* **Stored records**:
● ● ● ● ● ● ●
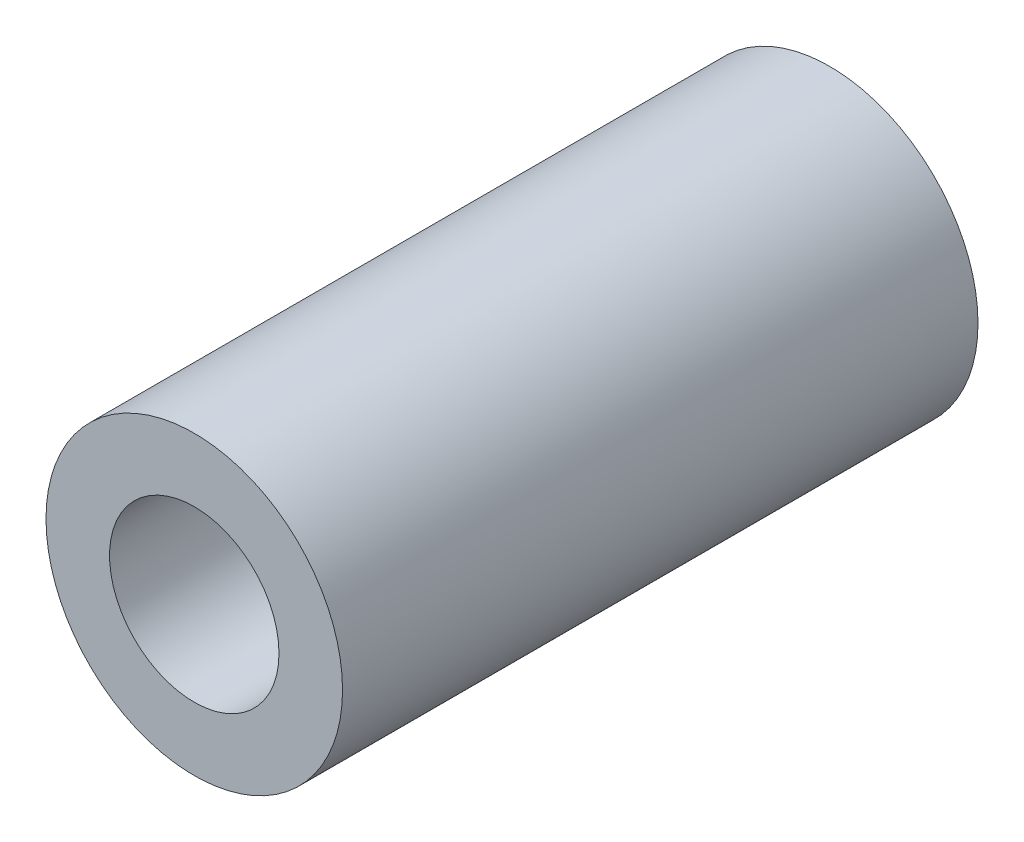
ISO-10303-21;
HEADER;
FILE_DESCRIPTION(('STEP AP214'),'2;1');
FILE_NAME('part.step','',(''),(''),'','','');
FILE_SCHEMA(('AUTOMOTIVE_DESIGN { 1 0 10303 214 1 1 1 1 }'));
ENDSEC;
DATA;
#1=APPLICATION_CONTEXT('core data for automotive mechanical design processes');
#2=APPLICATION_PROTOCOL_DEFINITION('international standard','automotive_design',2000,#1);
#3=PRODUCT_CONTEXT('',#1,'mechanical');
#4=PRODUCT('Part','Part','',(#3));
#5=PRODUCT_RELATED_PRODUCT_CATEGORY('part','',(#4));
#6=PRODUCT_DEFINITION_FORMATION('','',#4);
#7=PRODUCT_DEFINITION_CONTEXT('part definition',#1,'design');
#8=PRODUCT_DEFINITION('design','',#6,#7);
#9=PRODUCT_DEFINITION_SHAPE('','',#8);
#10=(LENGTH_UNIT() NAMED_UNIT(*) SI_UNIT(.MILLI.,.METRE.));
#11=(NAMED_UNIT(*) PLANE_ANGLE_UNIT() SI_UNIT($,.RADIAN.));
#12=(NAMED_UNIT(*) SI_UNIT($,.STERADIAN.) SOLID_ANGLE_UNIT());
#13=UNCERTAINTY_MEASURE_WITH_UNIT(LENGTH_MEASURE(1.E-05),#10,'distance_accuracy_value','');
#14=(GEOMETRIC_REPRESENTATION_CONTEXT(3) GLOBAL_UNCERTAINTY_ASSIGNED_CONTEXT((#13)) GLOBAL_UNIT_ASSIGNED_CONTEXT((#10,
#11,#12)) REPRESENTATION_CONTEXT('',''));
#15=CARTESIAN_POINT('',(0.,0.,0.));
#16=DIRECTION('',(0.,0.,1.));
#17=DIRECTION('',(1.,0.,0.));
#18=AXIS2_PLACEMENT_3D('',#15,#16,#17);
#19=CARTESIAN_POINT('',(0.,0.,2.));
#20=DIRECTION('',(0.,0.,-1.));
#21=DIRECTION('',(-1.,0.,0.));
#22=AXIS2_PLACEMENT_3D('',#19,#20,#21);
#23=CYLINDRICAL_SURFACE('',#22,2.);
#24=CARTESIAN_POINT('',(0.,0.,0.750555349946529));
#25=DIRECTION('',(0.,0.,-1.));
#26=DIRECTION('',(-1.,0.,0.));
#27=AXIS2_PLACEMENT_3D('',#24,#25,#26);
#28=CIRCLE('',#27,2.);
#29=CARTESIAN_POINT('',(-2.,0.,0.750555349946529));
#30=VERTEX_POINT('',#29);
#31=EDGE_CURVE('E11',#30,#30,#28,.F.);
#32=ORIENTED_EDGE('',*,*,#31,.T.);
#33=EDGE_LOOP('',(#32));
#34=FACE_BOUND('',#33,.T.);
#35=CARTESIAN_POINT('',(0.,0.,2.));
#36=DIRECTION('',(0.,0.,-1.));
#37=DIRECTION('',(-1.,0.,0.));
#38=AXIS2_PLACEMENT_3D('',#35,#36,#37);
#39=CIRCLE('',#38,2.);
#40=CARTESIAN_POINT('',(-2.,0.,2.));
#41=VERTEX_POINT('',#40);
#42=EDGE_CURVE('E53',#41,#41,#39,.T.);
#43=ORIENTED_EDGE('',*,*,#42,.T.);
#44=EDGE_LOOP('',(#43));
#45=FACE_BOUND('',#44,.T.);
#46=ADVANCED_FACE('F41',(#34,#45),#23,.T.);
#47=CARTESIAN_POINT('',(0.,0.,2.));
#48=DIRECTION('',(0.,0.,-1.));
#49=DIRECTION('',(-1.,0.,0.));
#50=AXIS2_PLACEMENT_3D('',#47,#48,#49);
#51=PLANE('',#50);
#52=CARTESIAN_POINT('',(0.,0.,2.));
#53=DIRECTION('',(0.,0.,-1.));
#54=DIRECTION('',(-1.,0.,0.));
#55=AXIS2_PLACEMENT_3D('',#52,#53,#54);
#56=CIRCLE('',#55,1.3);
#57=CARTESIAN_POINT('',(-1.3,0.,2.));
#58=VERTEX_POINT('',#57);
#59=EDGE_CURVE('E57',#58,#58,#56,.T.);
#60=ORIENTED_EDGE('',*,*,#59,.T.);
#61=EDGE_LOOP('',(#60));
#62=FACE_BOUND('',#61,.T.);
#63=ORIENTED_EDGE('',*,*,#42,.F.);
#64=EDGE_LOOP('',(#63));
#65=FACE_BOUND('',#64,.T.);
#66=ADVANCED_FACE('F63',(#62,#65),#51,.F.);
#67=CARTESIAN_POINT('',(0.,0.,2.));
#68=DIRECTION('',(0.,0.,-1.));
#69=DIRECTION('',(-1.,0.,0.));
#70=AXIS2_PLACEMENT_3D('',#67,#68,#69);
#71=CYLINDRICAL_SURFACE('',#70,1.3);
#72=CARTESIAN_POINT('',(0.,0.,1.15470053837927));
#73=DIRECTION('',(0.,0.,-1.));
#74=DIRECTION('',(-1.,0.,0.));
#75=AXIS2_PLACEMENT_3D('',#72,#73,#74);
#76=CIRCLE('',#75,1.3);
#77=CARTESIAN_POINT('',(-1.3,0.,1.15470053837927));
#78=VERTEX_POINT('',#77);
#79=EDGE_CURVE('E49',#78,#78,#76,.T.);
#80=ORIENTED_EDGE('',*,*,#79,.T.);
#81=EDGE_LOOP('',(#80));
#82=FACE_BOUND('',#81,.T.);
#83=ORIENTED_EDGE('',*,*,#59,.F.);
#84=EDGE_LOOP('',(#83));
#85=FACE_BOUND('',#84,.T.);
#86=ADVANCED_FACE('F66',(#82,#85),#71,.F.);
#87=CARTESIAN_POINT('',(0.,0.,1.15470053837927));
#88=DIRECTION('',(0.,0.,-1.));
#89=DIRECTION('',(-1.,0.,0.));
#90=AXIS2_PLACEMENT_3D('',#87,#88,#89);
#91=CONICAL_SURFACE('',#90,1.3,1.04719755119659);
#92=ORIENTED_EDGE('',*,*,#31,.F.);
#93=EDGE_LOOP('',(#92));
#94=FACE_BOUND('',#93,.T.);
#95=ORIENTED_EDGE('',*,*,#79,.F.);
#96=EDGE_LOOP('',(#95));
#97=FACE_BOUND('',#96,.T.);
#98=ADVANCED_FACE('F44',(#94,#97),#91,.F.);
#99=CLOSED_SHELL('',(#46,#66,#86,#98));
#100=MANIFOLD_SOLID_BREP('B2',#99);
#101=CARTESIAN_POINT('',(0.,0.,15.));
#102=DIRECTION('',(0.,0.,-1.));
#103=DIRECTION('',(-1.,0.,0.));
#104=AXIS2_PLACEMENT_3D('',#101,#102,#103);
#105=CYLINDRICAL_SURFACE('',#104,3.5);
#106=CARTESIAN_POINT('',(0.,0.,15.));
#107=DIRECTION('',(0.,0.,1.));
#108=DIRECTION('',(1.,0.,0.));
#109=AXIS2_PLACEMENT_3D('',#106,#107,#108);
#110=CIRCLE('',#109,3.5);
#111=CARTESIAN_POINT('',(3.5,0.,15.));
#112=VERTEX_POINT('',#111);
#113=EDGE_CURVE('E118',#112,#112,#110,.T.);
#114=ORIENTED_EDGE('',*,*,#113,.F.);
#115=EDGE_LOOP('',(#114));
#116=FACE_BOUND('',#115,.T.);
#117=CARTESIAN_POINT('',(0.,0.,0.));
#118=DIRECTION('',(0.,0.,1.));
#119=DIRECTION('',(1.,0.,0.));
#120=AXIS2_PLACEMENT_3D('',#117,#118,#119);
#121=CIRCLE('',#120,3.5);
#122=CARTESIAN_POINT('',(3.5,0.,0.));
#123=VERTEX_POINT('',#122);
#124=EDGE_CURVE('E122',#123,#123,#121,.T.);
#125=ORIENTED_EDGE('',*,*,#124,.T.);
#126=EDGE_LOOP('',(#125));
#127=FACE_BOUND('',#126,.T.);
#128=ADVANCED_FACE('F106',(#116,#127),#105,.T.);
#129=CARTESIAN_POINT('',(0.,0.,15.));
#130=DIRECTION('',(0.,0.,1.));
#131=DIRECTION('',(1.,0.,0.));
#132=AXIS2_PLACEMENT_3D('',#129,#130,#131);
#133=PLANE('',#132);
#134=CARTESIAN_POINT('',(0.,0.,15.));
#135=DIRECTION('',(0.,0.,1.));
#136=DIRECTION('',(1.,0.,0.));
#137=AXIS2_PLACEMENT_3D('',#134,#135,#136);
#138=CIRCLE('',#137,2.);
#139=CARTESIAN_POINT('',(2.,0.,15.));
#140=VERTEX_POINT('',#139);
#141=EDGE_CURVE('E126',#140,#140,#138,.T.);
#142=ORIENTED_EDGE('',*,*,#141,.F.);
#143=EDGE_LOOP('',(#142));
#144=FACE_BOUND('',#143,.T.);
#145=ORIENTED_EDGE('',*,*,#113,.T.);
#146=EDGE_LOOP('',(#145));
#147=FACE_BOUND('',#146,.T.);
#148=ADVANCED_FACE('F133',(#144,#147),#133,.T.);
#149=CARTESIAN_POINT('',(0.,0.,0.));
#150=DIRECTION('',(0.,0.,1.));
#151=DIRECTION('',(1.,0.,0.));
#152=AXIS2_PLACEMENT_3D('',#149,#150,#151);
#153=PLANE('',#152);
#154=CARTESIAN_POINT('',(0.,0.,0.));
#155=DIRECTION('',(0.,0.,1.));
#156=DIRECTION('',(1.,0.,0.));
#157=AXIS2_PLACEMENT_3D('',#154,#155,#156);
#158=CIRCLE('',#157,2.57735026918963);
#159=CARTESIAN_POINT('',(2.57735026918963,0.,0.));
#160=VERTEX_POINT('',#159);
#161=EDGE_CURVE('E114',#160,#160,#158,.T.);
#162=ORIENTED_EDGE('',*,*,#161,.T.);
#163=EDGE_LOOP('',(#162));
#164=FACE_BOUND('',#163,.T.);
#165=ORIENTED_EDGE('',*,*,#124,.F.);
#166=EDGE_LOOP('',(#165));
#167=FACE_BOUND('',#166,.T.);
#168=ADVANCED_FACE('F136',(#164,#167),#153,.F.);
#169=CARTESIAN_POINT('',(0.,0.,0.));
#170=DIRECTION('',(0.,0.,1.));
#171=DIRECTION('',(1.,0.,0.));
#172=AXIS2_PLACEMENT_3D('',#169,#170,#171);
#173=CYLINDRICAL_SURFACE('',#172,2.);
#174=CARTESIAN_POINT('',(0.,0.,1.00000000000001));
#175=DIRECTION('',(0.,0.,1.));
#176=DIRECTION('',(1.,0.,0.));
#177=AXIS2_PLACEMENT_3D('',#174,#175,#176);
#178=CIRCLE('',#177,2.);
#179=CARTESIAN_POINT('',(2.,0.,1.00000000000001));
#180=VERTEX_POINT('',#179);
#181=EDGE_CURVE('E40',#180,#180,#178,.F.);
#182=ORIENTED_EDGE('',*,*,#181,.T.);
#183=EDGE_LOOP('',(#182));
#184=FACE_BOUND('',#183,.T.);
#185=ORIENTED_EDGE('',*,*,#141,.T.);
#186=EDGE_LOOP('',(#185));
#187=FACE_BOUND('',#186,.T.);
#188=ADVANCED_FACE('F131',(#184,#187),#173,.F.);
#189=CARTESIAN_POINT('',(0.,0.,0.));
#190=DIRECTION('',(0.,0.,-1.));
#191=DIRECTION('',(-1.,0.,0.));
#192=AXIS2_PLACEMENT_3D('',#189,#190,#191);
#193=CONICAL_SURFACE('',#192,2.57735026918963,0.523598775598297);
#194=ORIENTED_EDGE('',*,*,#181,.F.);
#195=EDGE_LOOP('',(#194));
#196=FACE_BOUND('',#195,.T.);
#197=ORIENTED_EDGE('',*,*,#161,.F.);
#198=EDGE_LOOP('',(#197));
#199=FACE_BOUND('',#198,.T.);
#200=ADVANCED_FACE('F109',(#196,#199),#193,.F.);
#201=CLOSED_SHELL('',(#128,#148,#168,#188,#200));
#202=MANIFOLD_SOLID_BREP('B6',#201);
#203=ADVANCED_BREP_SHAPE_REPRESENTATION('',(#18,#100,#202),#14);
#204=SHAPE_DEFINITION_REPRESENTATION(#9,#203);
ENDSEC;
END-ISO-10303-21;
● ● ● ● ● ● ●
Set down only the lines above that fall between the line holding "#161=EDGE_CURVE('E114',#160,#160,#158,.T.);" and the line holding "#170=DIRECTION('',(0.,0.,1.));", inclusive, keeping each exact.

#161=EDGE_CURVE('E114',#160,#160,#158,.T.);
#162=ORIENTED_EDGE('',*,*,#161,.T.);
#163=EDGE_LOOP('',(#162));
#164=FACE_BOUND('',#163,.T.);
#165=ORIENTED_EDGE('',*,*,#124,.F.);
#166=EDGE_LOOP('',(#165));
#167=FACE_BOUND('',#166,.T.);
#168=ADVANCED_FACE('F136',(#164,#167),#153,.F.);
#169=CARTESIAN_POINT('',(0.,0.,0.));
#170=DIRECTION('',(0.,0.,1.));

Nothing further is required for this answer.